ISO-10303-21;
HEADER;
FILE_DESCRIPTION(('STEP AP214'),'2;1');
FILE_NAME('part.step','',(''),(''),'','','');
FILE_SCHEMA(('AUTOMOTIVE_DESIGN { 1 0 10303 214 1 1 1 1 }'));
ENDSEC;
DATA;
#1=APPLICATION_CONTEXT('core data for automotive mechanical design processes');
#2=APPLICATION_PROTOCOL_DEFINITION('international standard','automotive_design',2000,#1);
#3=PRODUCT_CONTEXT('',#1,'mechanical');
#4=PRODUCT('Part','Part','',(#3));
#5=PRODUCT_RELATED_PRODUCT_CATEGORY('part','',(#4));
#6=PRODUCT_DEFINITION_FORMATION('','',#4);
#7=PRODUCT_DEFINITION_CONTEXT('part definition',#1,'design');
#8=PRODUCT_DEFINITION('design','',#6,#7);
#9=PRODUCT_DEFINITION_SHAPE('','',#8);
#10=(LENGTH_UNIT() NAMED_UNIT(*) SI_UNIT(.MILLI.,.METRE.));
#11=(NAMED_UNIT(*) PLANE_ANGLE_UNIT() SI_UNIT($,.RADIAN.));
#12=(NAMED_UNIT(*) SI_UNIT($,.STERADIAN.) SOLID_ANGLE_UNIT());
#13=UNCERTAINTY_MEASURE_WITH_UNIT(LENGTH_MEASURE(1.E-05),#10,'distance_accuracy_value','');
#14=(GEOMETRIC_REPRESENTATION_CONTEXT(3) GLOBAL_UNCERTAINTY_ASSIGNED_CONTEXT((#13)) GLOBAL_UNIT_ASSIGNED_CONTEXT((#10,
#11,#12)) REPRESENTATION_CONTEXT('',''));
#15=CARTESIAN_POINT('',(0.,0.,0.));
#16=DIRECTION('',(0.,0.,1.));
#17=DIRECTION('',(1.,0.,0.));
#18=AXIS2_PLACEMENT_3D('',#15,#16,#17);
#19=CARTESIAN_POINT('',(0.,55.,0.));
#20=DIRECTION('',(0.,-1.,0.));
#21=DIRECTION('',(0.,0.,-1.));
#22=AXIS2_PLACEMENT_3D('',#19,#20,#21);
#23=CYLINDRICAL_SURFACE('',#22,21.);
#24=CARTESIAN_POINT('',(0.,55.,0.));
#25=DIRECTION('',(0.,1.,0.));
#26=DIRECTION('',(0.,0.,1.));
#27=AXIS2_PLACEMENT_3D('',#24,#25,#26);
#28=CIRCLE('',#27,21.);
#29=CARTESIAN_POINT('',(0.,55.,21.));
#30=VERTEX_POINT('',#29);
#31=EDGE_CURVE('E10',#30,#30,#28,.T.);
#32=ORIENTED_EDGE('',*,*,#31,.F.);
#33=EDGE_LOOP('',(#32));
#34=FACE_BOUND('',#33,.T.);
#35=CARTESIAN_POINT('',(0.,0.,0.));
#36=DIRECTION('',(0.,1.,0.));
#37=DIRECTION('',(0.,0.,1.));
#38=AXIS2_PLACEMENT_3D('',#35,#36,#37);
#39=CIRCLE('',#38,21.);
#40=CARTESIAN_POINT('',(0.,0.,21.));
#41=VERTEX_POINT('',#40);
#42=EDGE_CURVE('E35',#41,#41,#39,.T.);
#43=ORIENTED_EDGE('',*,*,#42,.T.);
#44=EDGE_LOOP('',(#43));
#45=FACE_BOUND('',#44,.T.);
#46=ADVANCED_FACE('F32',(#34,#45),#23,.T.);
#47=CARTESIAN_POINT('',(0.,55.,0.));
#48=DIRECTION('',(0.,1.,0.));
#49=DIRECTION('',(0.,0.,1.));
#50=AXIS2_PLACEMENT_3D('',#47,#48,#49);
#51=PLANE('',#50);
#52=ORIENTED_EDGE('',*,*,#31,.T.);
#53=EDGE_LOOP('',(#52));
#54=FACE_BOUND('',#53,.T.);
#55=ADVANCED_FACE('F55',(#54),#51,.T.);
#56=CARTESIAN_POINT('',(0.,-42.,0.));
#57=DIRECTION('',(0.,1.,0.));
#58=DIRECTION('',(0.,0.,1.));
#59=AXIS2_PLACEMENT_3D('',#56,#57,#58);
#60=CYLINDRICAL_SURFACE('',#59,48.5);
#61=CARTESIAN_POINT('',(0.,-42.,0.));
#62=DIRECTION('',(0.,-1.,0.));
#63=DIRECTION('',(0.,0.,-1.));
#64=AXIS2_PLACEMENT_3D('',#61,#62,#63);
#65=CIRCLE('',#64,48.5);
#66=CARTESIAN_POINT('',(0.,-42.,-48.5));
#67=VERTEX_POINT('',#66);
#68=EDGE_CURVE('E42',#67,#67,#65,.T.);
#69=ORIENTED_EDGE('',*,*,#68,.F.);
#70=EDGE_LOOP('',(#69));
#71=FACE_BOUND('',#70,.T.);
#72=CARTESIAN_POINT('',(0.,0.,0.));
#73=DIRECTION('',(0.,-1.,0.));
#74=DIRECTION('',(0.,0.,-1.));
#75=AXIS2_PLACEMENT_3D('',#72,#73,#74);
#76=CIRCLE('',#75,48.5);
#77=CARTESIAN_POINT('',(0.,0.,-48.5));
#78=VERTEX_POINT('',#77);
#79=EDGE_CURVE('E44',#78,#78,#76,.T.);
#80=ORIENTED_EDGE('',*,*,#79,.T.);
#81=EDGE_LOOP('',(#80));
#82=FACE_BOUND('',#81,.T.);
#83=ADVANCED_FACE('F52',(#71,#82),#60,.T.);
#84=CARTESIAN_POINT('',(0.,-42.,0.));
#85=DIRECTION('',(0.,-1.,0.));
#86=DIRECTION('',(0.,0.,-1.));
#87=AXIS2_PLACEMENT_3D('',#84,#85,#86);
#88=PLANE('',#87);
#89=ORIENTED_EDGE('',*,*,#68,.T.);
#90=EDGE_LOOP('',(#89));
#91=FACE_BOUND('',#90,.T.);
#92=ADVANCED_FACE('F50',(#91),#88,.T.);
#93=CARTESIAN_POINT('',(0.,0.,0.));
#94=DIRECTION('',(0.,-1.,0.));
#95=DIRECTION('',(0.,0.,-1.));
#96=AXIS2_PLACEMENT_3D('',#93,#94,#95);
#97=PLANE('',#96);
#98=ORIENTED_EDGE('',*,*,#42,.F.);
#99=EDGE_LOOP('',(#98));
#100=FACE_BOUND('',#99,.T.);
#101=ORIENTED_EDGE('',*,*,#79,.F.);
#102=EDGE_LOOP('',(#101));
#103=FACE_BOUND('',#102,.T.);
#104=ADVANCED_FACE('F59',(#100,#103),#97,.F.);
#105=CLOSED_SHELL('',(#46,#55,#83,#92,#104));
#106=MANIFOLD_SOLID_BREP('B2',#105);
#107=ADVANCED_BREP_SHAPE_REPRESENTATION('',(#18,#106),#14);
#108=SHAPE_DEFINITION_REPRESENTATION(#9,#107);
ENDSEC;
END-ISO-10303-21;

***

→ INSTRUCTIONS FOR THE TASK
Take the lines above from the one containing "#72=CARTESIAN_POINT('',(0.,0.,0.));" to the one containing "#81=EDGE_LOOP('',(#80));" and retype them exactly, both ends included, with nothing added.

→ TASK RESULT
#72=CARTESIAN_POINT('',(0.,0.,0.));
#73=DIRECTION('',(0.,-1.,0.));
#74=DIRECTION('',(0.,0.,-1.));
#75=AXIS2_PLACEMENT_3D('',#72,#73,#74);
#76=CIRCLE('',#75,48.5);
#77=CARTESIAN_POINT('',(0.,0.,-48.5));
#78=VERTEX_POINT('',#77);
#79=EDGE_CURVE('E44',#78,#78,#76,.T.);
#80=ORIENTED_EDGE('',*,*,#79,.T.);
#81=EDGE_LOOP('',(#80));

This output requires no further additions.